→ INPUT DATA:
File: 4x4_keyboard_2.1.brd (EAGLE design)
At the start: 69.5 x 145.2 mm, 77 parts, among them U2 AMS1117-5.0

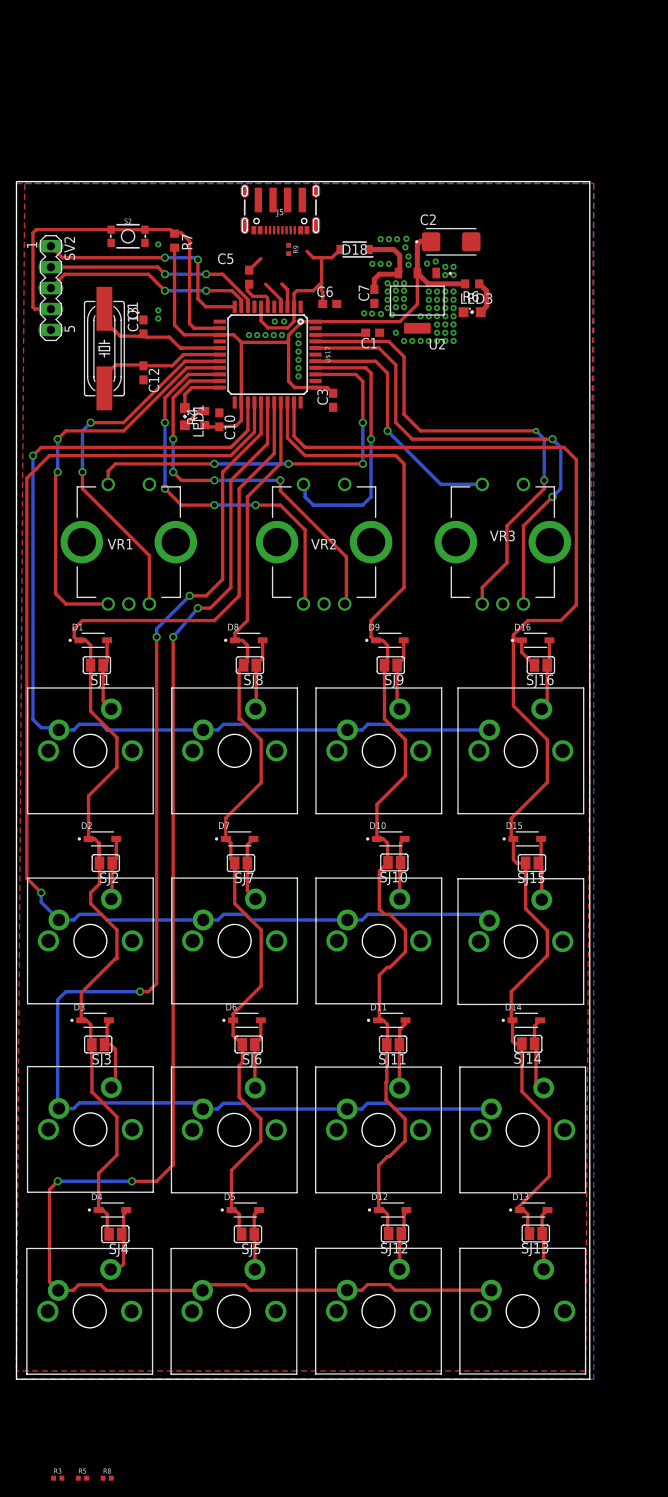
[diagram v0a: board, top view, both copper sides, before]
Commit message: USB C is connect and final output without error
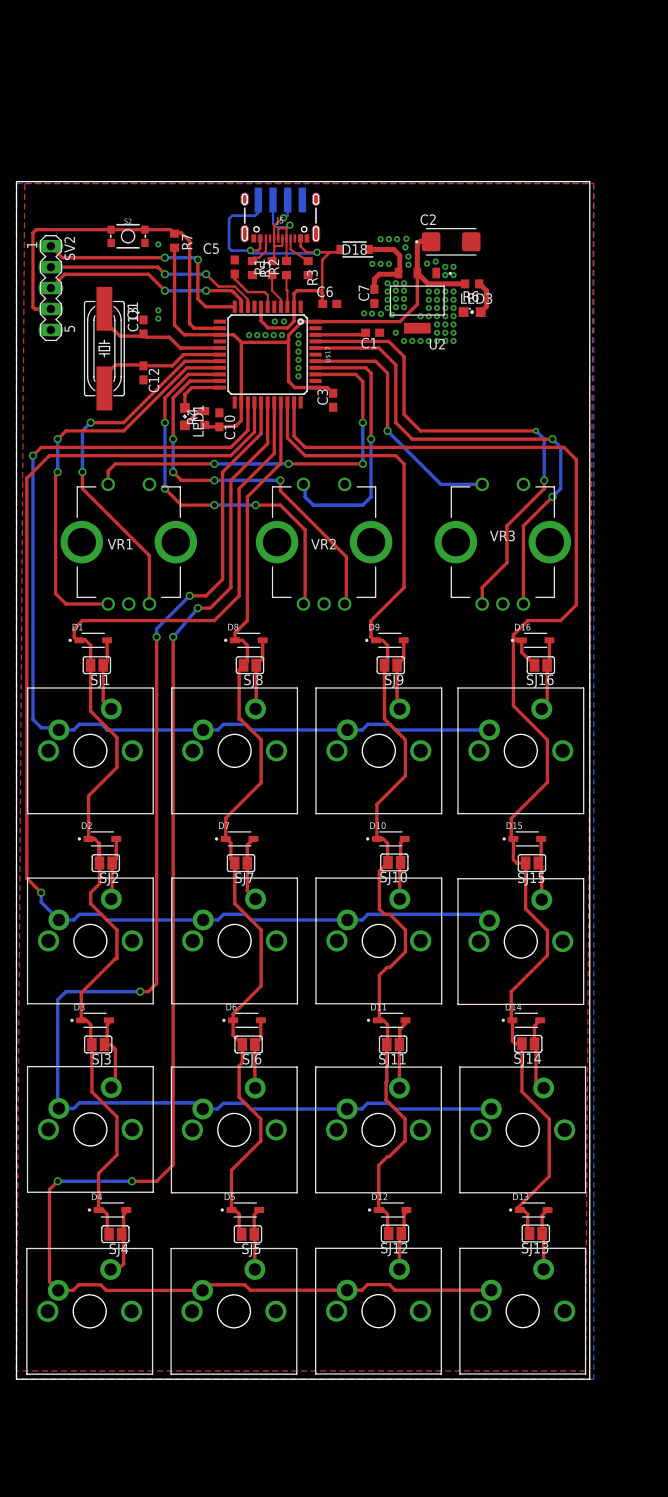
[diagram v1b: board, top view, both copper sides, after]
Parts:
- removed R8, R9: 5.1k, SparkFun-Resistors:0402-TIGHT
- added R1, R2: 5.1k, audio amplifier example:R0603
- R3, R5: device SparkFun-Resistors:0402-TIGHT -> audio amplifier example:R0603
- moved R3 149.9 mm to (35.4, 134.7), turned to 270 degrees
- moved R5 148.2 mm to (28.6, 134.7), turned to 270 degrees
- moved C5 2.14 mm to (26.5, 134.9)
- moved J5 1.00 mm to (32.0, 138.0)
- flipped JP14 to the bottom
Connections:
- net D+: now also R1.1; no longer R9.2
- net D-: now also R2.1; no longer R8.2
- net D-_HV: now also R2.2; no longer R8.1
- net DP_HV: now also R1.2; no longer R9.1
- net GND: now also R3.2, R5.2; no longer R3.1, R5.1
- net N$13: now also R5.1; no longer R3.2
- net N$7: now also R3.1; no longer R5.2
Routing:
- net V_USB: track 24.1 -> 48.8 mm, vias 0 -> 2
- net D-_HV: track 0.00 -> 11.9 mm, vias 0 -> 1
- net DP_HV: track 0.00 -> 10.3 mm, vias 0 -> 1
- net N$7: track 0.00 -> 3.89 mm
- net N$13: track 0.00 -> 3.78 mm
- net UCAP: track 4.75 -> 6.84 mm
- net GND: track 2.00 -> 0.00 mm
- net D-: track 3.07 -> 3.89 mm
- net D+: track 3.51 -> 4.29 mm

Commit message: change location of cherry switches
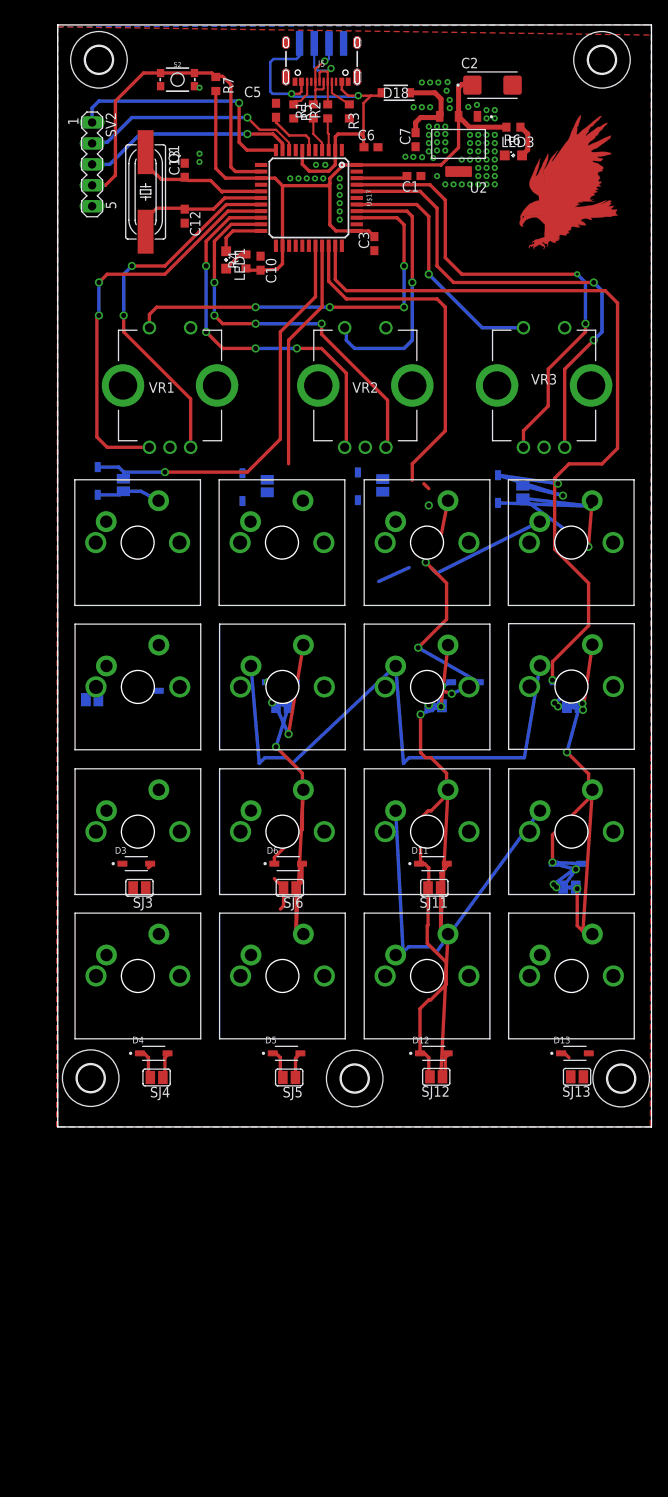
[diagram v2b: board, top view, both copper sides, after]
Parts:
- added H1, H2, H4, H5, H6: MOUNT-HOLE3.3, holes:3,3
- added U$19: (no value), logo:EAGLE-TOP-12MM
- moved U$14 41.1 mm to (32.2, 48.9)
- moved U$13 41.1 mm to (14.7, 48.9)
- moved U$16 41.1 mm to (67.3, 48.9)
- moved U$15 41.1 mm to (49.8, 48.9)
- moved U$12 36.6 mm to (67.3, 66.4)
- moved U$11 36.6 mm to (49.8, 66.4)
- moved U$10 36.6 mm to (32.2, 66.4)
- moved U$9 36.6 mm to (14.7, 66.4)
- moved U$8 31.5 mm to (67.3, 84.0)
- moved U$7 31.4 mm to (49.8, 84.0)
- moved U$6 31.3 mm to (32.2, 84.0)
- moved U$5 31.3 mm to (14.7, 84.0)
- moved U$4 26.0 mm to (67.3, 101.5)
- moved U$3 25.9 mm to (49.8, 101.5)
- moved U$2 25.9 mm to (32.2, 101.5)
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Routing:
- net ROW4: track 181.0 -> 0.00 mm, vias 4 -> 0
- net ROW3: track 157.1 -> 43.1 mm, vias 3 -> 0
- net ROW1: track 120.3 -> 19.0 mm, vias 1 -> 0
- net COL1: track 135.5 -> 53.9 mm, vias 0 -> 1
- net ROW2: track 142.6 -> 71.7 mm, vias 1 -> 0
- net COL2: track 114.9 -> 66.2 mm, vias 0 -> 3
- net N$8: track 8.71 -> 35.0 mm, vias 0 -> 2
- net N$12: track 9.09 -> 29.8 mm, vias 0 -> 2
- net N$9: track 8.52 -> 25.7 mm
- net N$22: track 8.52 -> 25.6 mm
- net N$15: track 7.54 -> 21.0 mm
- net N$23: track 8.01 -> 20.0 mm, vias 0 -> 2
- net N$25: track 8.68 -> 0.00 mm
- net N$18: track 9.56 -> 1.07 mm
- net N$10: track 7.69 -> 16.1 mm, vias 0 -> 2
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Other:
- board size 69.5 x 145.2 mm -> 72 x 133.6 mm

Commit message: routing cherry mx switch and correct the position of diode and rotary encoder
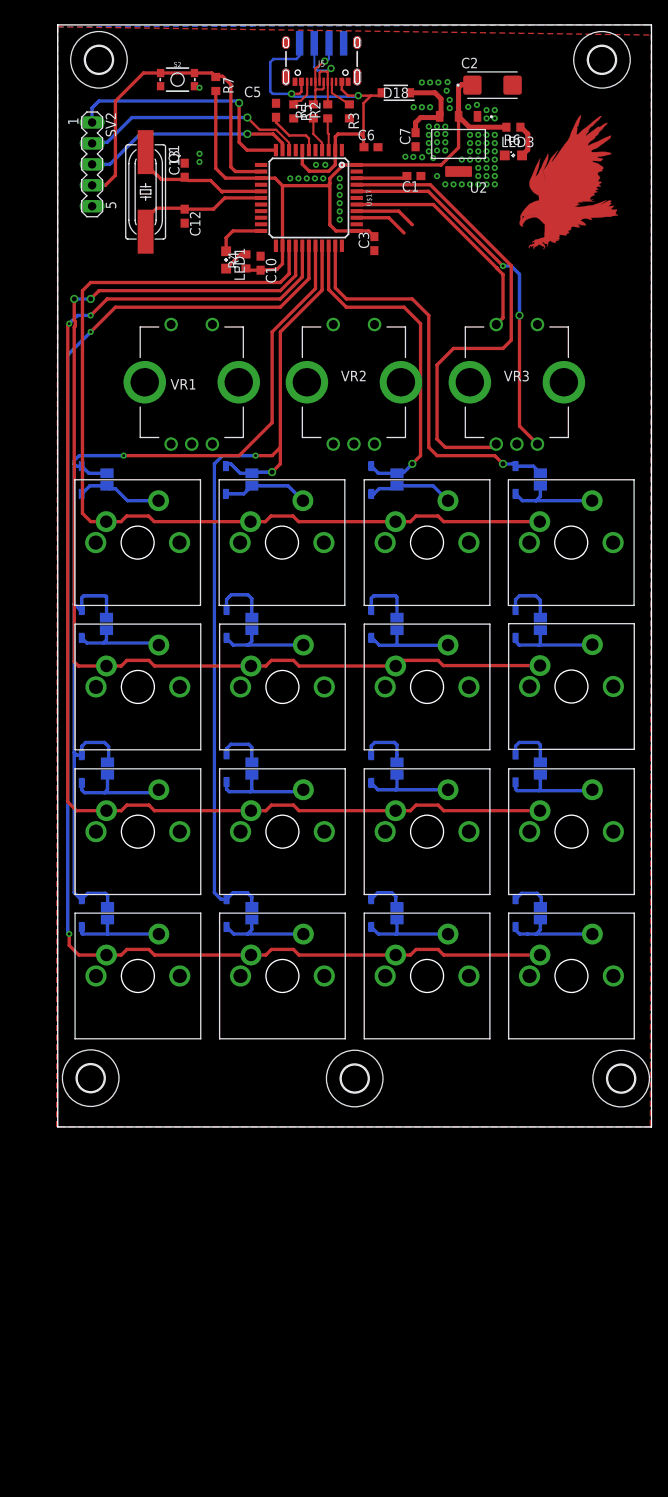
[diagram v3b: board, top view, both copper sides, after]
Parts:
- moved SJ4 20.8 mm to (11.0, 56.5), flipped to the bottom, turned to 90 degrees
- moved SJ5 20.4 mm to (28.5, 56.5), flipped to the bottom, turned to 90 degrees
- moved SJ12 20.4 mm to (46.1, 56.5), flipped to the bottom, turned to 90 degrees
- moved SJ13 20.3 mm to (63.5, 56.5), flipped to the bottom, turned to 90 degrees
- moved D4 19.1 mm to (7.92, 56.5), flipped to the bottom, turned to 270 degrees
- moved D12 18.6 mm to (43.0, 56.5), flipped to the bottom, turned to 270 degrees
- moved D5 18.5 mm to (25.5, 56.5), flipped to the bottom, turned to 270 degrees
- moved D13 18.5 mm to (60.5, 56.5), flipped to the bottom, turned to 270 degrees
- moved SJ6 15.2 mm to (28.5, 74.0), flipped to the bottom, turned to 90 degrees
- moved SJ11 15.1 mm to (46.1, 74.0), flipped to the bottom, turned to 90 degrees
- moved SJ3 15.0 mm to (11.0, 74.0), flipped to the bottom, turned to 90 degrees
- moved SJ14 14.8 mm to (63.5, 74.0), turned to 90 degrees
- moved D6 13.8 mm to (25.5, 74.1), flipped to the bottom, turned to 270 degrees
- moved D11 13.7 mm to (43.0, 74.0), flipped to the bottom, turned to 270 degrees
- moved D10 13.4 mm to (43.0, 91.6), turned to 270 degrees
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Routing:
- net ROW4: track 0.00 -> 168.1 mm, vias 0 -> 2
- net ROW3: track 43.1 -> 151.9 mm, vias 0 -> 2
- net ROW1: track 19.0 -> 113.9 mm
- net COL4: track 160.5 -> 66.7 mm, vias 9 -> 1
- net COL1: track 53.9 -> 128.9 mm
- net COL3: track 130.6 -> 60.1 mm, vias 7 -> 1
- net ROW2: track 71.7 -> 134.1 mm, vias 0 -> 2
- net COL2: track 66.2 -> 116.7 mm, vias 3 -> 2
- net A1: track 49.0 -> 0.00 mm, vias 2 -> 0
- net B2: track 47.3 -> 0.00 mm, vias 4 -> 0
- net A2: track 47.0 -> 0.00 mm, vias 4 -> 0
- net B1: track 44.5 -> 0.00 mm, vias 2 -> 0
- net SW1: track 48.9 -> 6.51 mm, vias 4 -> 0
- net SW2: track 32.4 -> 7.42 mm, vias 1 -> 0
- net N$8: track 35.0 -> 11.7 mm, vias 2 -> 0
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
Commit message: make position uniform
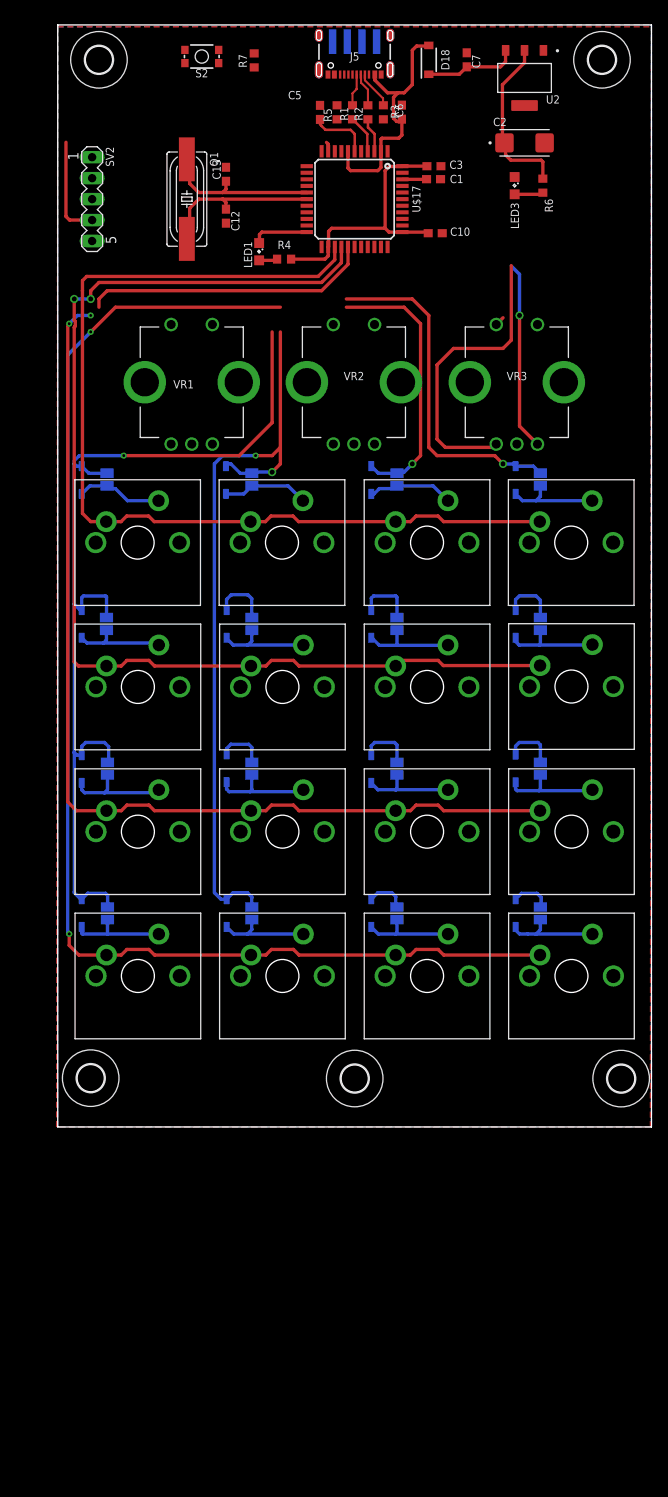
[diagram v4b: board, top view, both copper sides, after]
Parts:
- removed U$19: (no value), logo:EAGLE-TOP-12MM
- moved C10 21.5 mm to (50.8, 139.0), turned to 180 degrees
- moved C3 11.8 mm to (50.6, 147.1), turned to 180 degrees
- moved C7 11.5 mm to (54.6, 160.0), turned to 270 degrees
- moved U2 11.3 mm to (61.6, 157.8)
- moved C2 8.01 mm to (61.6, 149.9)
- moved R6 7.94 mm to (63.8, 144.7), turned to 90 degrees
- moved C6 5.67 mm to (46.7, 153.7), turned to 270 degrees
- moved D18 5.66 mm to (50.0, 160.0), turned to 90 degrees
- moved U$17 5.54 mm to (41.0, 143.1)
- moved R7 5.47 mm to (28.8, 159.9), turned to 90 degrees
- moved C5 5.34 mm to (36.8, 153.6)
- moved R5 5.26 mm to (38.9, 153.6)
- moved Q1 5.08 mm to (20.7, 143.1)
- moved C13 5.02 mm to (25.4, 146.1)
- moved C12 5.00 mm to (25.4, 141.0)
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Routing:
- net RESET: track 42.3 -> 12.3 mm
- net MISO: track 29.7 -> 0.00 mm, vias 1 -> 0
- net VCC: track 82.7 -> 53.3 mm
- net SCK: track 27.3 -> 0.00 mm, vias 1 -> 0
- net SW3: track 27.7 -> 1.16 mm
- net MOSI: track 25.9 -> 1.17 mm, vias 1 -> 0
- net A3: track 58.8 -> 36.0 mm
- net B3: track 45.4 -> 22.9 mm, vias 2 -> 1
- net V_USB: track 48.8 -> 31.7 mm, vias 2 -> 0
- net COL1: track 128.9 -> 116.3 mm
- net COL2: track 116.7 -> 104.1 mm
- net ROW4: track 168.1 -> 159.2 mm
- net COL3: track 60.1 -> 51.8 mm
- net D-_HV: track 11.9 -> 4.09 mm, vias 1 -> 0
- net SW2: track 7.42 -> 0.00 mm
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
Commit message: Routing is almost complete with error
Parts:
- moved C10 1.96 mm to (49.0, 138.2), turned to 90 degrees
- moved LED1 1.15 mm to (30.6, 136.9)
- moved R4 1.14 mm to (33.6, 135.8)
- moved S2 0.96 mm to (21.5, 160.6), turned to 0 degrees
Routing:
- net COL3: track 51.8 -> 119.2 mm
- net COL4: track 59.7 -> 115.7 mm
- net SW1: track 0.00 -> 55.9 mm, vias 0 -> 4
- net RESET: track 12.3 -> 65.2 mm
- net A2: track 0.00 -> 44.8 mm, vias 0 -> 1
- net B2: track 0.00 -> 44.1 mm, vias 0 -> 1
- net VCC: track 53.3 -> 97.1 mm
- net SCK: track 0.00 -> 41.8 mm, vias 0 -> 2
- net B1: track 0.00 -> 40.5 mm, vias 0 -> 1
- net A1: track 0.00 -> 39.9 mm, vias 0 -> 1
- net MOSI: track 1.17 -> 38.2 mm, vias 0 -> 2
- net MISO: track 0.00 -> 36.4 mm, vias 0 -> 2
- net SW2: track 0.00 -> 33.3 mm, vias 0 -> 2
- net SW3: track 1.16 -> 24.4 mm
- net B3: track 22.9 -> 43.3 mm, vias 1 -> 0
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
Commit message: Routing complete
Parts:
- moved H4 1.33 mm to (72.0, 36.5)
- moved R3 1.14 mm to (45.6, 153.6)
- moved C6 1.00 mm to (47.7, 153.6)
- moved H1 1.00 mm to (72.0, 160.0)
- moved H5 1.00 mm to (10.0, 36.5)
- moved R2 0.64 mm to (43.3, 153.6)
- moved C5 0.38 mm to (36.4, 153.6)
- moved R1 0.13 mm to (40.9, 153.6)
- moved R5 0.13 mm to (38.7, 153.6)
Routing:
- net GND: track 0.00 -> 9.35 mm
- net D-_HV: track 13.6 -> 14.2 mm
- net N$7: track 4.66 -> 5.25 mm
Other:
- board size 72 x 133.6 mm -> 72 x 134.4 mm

→ YOUR INSTRUCTIONS:
Say how many lines in the records hold "after", with the number as the whole reply.

→ WRITTEN SOLUTION:
4